Citing his reason for joining DPT, he said, that the party’s vision of equity and justice, in itself is inspiring for every Bhutanese who loves his or her country. “The way decisions are made with the consensus of all the DPT well-wishers rather than just the elected members is a sign of true democracy practiced by the party,” he said.
Prem Kumar Khatiwara said that he joined politics because he believes that he can make a difference.
“ For instance, it is my dream to have urban to rural migration one day though it might take some time.”
He added that he has adequate knowledge of agriculture and forestry as he is a farmers’ son.
“Additionally, I have some knowledge of engineering as I worked as a menial worker, a helper to a mason and became a mason myself. I now know the importance of education for a country as I spent 23 years in teaching as well. The experience I have can be utilized for the upliftment of my birthplace which is my constituency.”
Prem Kumar Khatiwara has witnessed how people from Nichula Gewog where he is from risked their lives to visit the Basic Health Unit across the swollen Sunkosh River.
He narrated how four months of summer would cut off the gewog from the rest of the country unless people risked their lives crossing the river in a boat.

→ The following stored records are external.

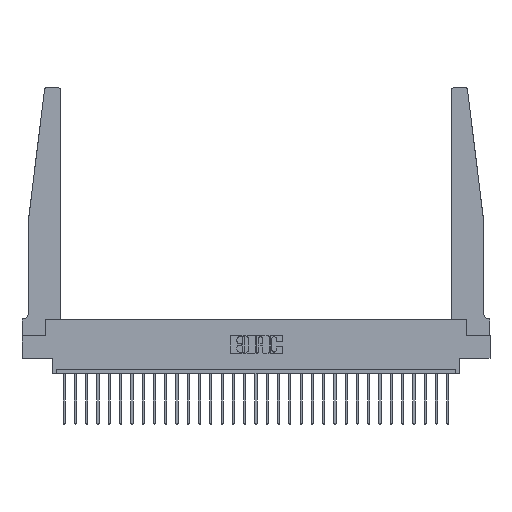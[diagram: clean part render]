
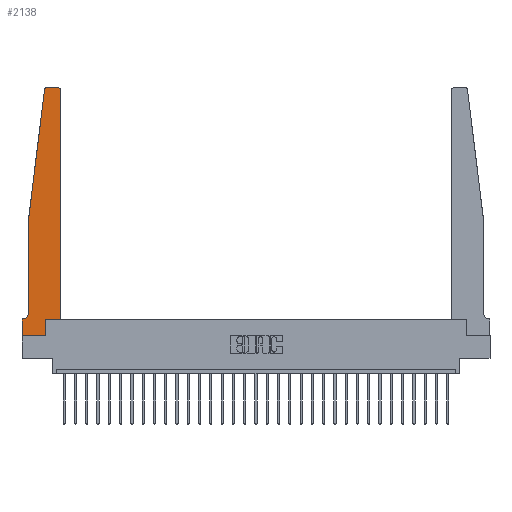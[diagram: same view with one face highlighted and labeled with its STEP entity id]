
A CAD part, top view. The second image highlights one B-rep face of the part: STEP entity #2138.
In plain terms, the highlighted planar face has unit normal (0, 0, 1).
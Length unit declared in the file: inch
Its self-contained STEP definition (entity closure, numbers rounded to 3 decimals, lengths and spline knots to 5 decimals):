
#193 = ORIENTED_EDGE ( 'NONE', *, *, #11389, .T. ) ;
#685 = EDGE_CURVE ( 'NONE', #5642, #18323, #6851, .T. ) ;
#890 = ORIENTED_EDGE ( 'NONE', *, *, #8434, .T. ) ;
#1243 = ORIENTED_EDGE ( 'NONE', *, *, #7207, .T. ) ;
#1374 = AXIS2_PLACEMENT_3D ( 'NONE', #19983, #15046, #6669 ) ;
#1428 = VERTEX_POINT ( 'NONE', #15968 ) ;
#1823 = DIRECTION ( 'NONE',  ( 1., 0., 0. ) ) ;
#2003 = LINE ( 'NONE', #19009, #12233 ) ;
#2052 = DIRECTION ( 'NONE',  ( 1., 0., 0. ) ) ;
#2080 = ORIENTED_EDGE ( 'NONE', *, *, #15644, .T. ) ;
#2138 = ADVANCED_FACE ( 'NONE', ( #21747 ), #19732, .T. ) ;
#2161 = VECTOR ( 'NONE', #14916, 39.37008 ) ;
#2308 = VECTOR ( 'NONE', #5431, 39.37008 ) ;
#2584 = ORIENTED_EDGE ( 'NONE', *, *, #5209, .T. ) ;
#2703 = CARTESIAN_POINT ( 'NONE',  ( 0., 0.1875, 0.37 ) ) ;
#2726 = ORIENTED_EDGE ( 'NONE', *, *, #3780, .T. ) ;
#2941 = EDGE_CURVE ( 'NONE', #15798, #5642, #20622, .T. ) ;
#3149 = CARTESIAN_POINT ( 'NONE',  ( 0.425, 2.72, 0.37 ) ) ;
#3648 = VERTEX_POINT ( 'NONE', #6949 ) ;
#3698 = AXIS2_PLACEMENT_3D ( 'NONE', #3956, #23546, #1823 ) ;
#3702 = VERTEX_POINT ( 'NONE', #9243 ) ;
#3780 = EDGE_CURVE ( 'NONE', #5128, #19878, #23588, .T. ) ;
#3956 = CARTESIAN_POINT ( 'NONE',  ( 0.395, 2.72, 0.37 ) ) ;
#4115 = LINE ( 'NONE', #12796, #2161 ) ;
#4497 = CARTESIAN_POINT ( 'NONE',  ( 0.425, 0.18, 0.37 ) ) ;
#5073 = VECTOR ( 'NONE', #18038, 39.37008 ) ;
#5128 = VERTEX_POINT ( 'NONE', #5595 ) ;
#5209 = EDGE_CURVE ( 'NONE', #3702, #19186, #24794, .T. ) ;
#5217 = ORIENTED_EDGE ( 'NONE', *, *, #26299, .T. ) ;
#5431 = DIRECTION ( 'NONE',  ( 0., 1., 0. ) ) ;
#5595 = CARTESIAN_POINT ( 'NONE',  ( 0.065, 0.2375, 0.37 ) ) ;
#5642 = VERTEX_POINT ( 'NONE', #25707 ) ;
#6272 = CARTESIAN_POINT ( 'NONE',  ( 0.2605, 0., 0.37 ) ) ;
#6591 = CARTESIAN_POINT ( 'NONE',  ( 0.395, 2.75, 0.37 ) ) ;
#6669 = DIRECTION ( 'NONE',  ( -1., 0., 0. ) ) ;
#6690 = DIRECTION ( 'NONE',  ( 1., 0., 0. ) ) ;
#6851 = LINE ( 'NONE', #26290, #27864 ) ;
#6949 = CARTESIAN_POINT ( 'NONE',  ( 0.065, 1.25, 0.37 ) ) ;
#7207 = EDGE_CURVE ( 'NONE', #19240, #3702, #4115, .T. ) ;
#7277 = VECTOR ( 'NONE', #20489, 39.37008 ) ;
#7917 = CARTESIAN_POINT ( 'NONE',  ( 0.065, 1.25, 0.37 ) ) ;
#8294 = VERTEX_POINT ( 'NONE', #3149 ) ;
#8434 = EDGE_CURVE ( 'NONE', #1428, #15798, #2003, .T. ) ;
#9243 = CARTESIAN_POINT ( 'NONE',  ( 0.27653, 2.75, 0.37 ) ) ;
#9526 = AXIS2_PLACEMENT_3D ( 'NONE', #15623, #21890, #6690 ) ;
#10615 = VECTOR ( 'NONE', #13135, 39.37008 ) ;
#10964 = CIRCLE ( 'NONE', #3698, 0.03 ) ;
#10981 = VECTOR ( 'NONE', #15420, 39.37008 ) ;
#10995 = VECTOR ( 'NONE', #23099, 39.37008 ) ;
#11389 = EDGE_CURVE ( 'NONE', #26775, #1428, #13000, .T. ) ;
#11853 = LINE ( 'NONE', #14127, #7277 ) ;
#11991 = CARTESIAN_POINT ( 'NONE',  ( 0.2605, 0.18, 0.37 ) ) ;
#12233 = VECTOR ( 'NONE', #27956, 39.37008 ) ;
#12796 = CARTESIAN_POINT ( 'NONE',  ( 0.25, 2.75, 0.37 ) ) ;
#13000 = LINE ( 'NONE', #21648, #10615 ) ;
#13135 = DIRECTION ( 'NONE',  ( 0., -1., 0. ) ) ;
#13907 = CARTESIAN_POINT ( 'NONE',  ( 0.015, 0.1875, 0.37 ) ) ;
#13958 = ORIENTED_EDGE ( 'NONE', *, *, #15951, .T. ) ;
#14127 = CARTESIAN_POINT ( 'NONE',  ( 0.065, 1.25, 0.37 ) ) ;
#14639 = CARTESIAN_POINT ( 'NONE',  ( 0.425, 0.18, 0.37 ) ) ;
#14849 = LINE ( 'NONE', #7917, #10995 ) ;
#14916 = DIRECTION ( 'NONE',  ( -1., 0., 0. ) ) ;
#15046 = DIRECTION ( 'NONE',  ( 0., 0., -1. ) ) ;
#15124 = CARTESIAN_POINT ( 'NONE',  ( 0.065, 0.1875, 0.37 ) ) ;
#15420 = DIRECTION ( 'NONE',  ( 0., 1., 0. ) ) ;
#15623 = CARTESIAN_POINT ( 'NONE',  ( 0., 0.1875, 0.37 ) ) ;
#15644 = EDGE_CURVE ( 'NONE', #19186, #3648, #11853, .T. ) ;
#15798 = VERTEX_POINT ( 'NONE', #6272 ) ;
#15951 = EDGE_CURVE ( 'NONE', #8294, #19240, #10964, .T. ) ;
#15968 = CARTESIAN_POINT ( 'NONE',  ( 0., 0., 0.37 ) ) ;
#17391 = ORIENTED_EDGE ( 'NONE', *, *, #685, .T. ) ;
#18038 = DIRECTION ( 'NONE',  ( -1., 0., 0. ) ) ;
#18323 = VERTEX_POINT ( 'NONE', #14639 ) ;
#19009 = CARTESIAN_POINT ( 'NONE',  ( 0., 0., 0.37 ) ) ;
#19186 = VERTEX_POINT ( 'NONE', #27180 ) ;
#19191 = DIRECTION ( 'NONE',  ( 0., 0., 1. ) ) ;
#19240 = VERTEX_POINT ( 'NONE', #6591 ) ;
#19732 = PLANE ( 'NONE',  #9526 ) ;
#19751 = DIRECTION ( 'NONE',  ( 1., 0., 0. ) ) ;
#19878 = VERTEX_POINT ( 'NONE', #13907 ) ;
#19983 = CARTESIAN_POINT ( 'NONE',  ( 0.015, 0.2375, 0.37 ) ) ;
#20263 = ORIENTED_EDGE ( 'NONE', *, *, #26192, .T. ) ;
#20489 = DIRECTION ( 'NONE',  ( -0.122, -0.992, 0. ) ) ;
#20622 = LINE ( 'NONE', #11991, #2308 ) ;
#21531 = ORIENTED_EDGE ( 'NONE', *, *, #24186, .T. ) ;
#21648 = CARTESIAN_POINT ( 'NONE',  ( 0., 0., 0.37 ) ) ;
#21747 = FACE_OUTER_BOUND ( 'NONE', #26953, .T. ) ;
#21890 = DIRECTION ( 'NONE',  ( 0., 0., 1. ) ) ;
#22985 = AXIS2_PLACEMENT_3D ( 'NONE', #25475, #19191, #2052 ) ;
#23099 = DIRECTION ( 'NONE',  ( 0., -1., 0. ) ) ;
#23546 = DIRECTION ( 'NONE',  ( 0., 0., 1. ) ) ;
#23588 = CIRCLE ( 'NONE', #1374, 0.05 ) ;
#23647 = LINE ( 'NONE', #15124, #5073 ) ;
#24186 = EDGE_CURVE ( 'NONE', #18323, #8294, #26206, .T. ) ;
#24794 = CIRCLE ( 'NONE', #22985, 0.03 ) ;
#25475 = CARTESIAN_POINT ( 'NONE',  ( 0.27653, 2.72, 0.37 ) ) ;
#25707 = CARTESIAN_POINT ( 'NONE',  ( 0.2605, 0.18, 0.37 ) ) ;
#25802 = ORIENTED_EDGE ( 'NONE', *, *, #2941, .T. ) ;
#26192 = EDGE_CURVE ( 'NONE', #3648, #5128, #14849, .T. ) ;
#26206 = LINE ( 'NONE', #4497, #10981 ) ;
#26290 = CARTESIAN_POINT ( 'NONE',  ( 0.425, 0.18, 0.37 ) ) ;
#26299 = EDGE_CURVE ( 'NONE', #19878, #26775, #23647, .T. ) ;
#26775 = VERTEX_POINT ( 'NONE', #2703 ) ;
#26953 = EDGE_LOOP ( 'NONE', ( #1243, #2584, #2080, #20263, #2726, #5217, #193, #890, #25802, #17391, #21531, #13958 ) ) ;
#27180 = CARTESIAN_POINT ( 'NONE',  ( 0.24675, 2.72367, 0.37 ) ) ;
#27864 = VECTOR ( 'NONE', #19751, 39.37008 ) ;
#27956 = DIRECTION ( 'NONE',  ( 1., 0., 0. ) ) ;

“The same river is devouring Lhamoizingkha every summer. The controversial and ill-fated Dalbaari road is producing stones and rocks which is hampering the environment, killing the trees and turning some areas into deserts. The same rocks and stones that could have been used to protect Lhamoizingkha from getting washed away by the Sunkosh river are getting deposited uselessly on the river bank,” he said, “When I requested some officials to do something about it, they laughed at me. This incident taught me the lesson that if you are in mainstream politics, it can make a huge difference.”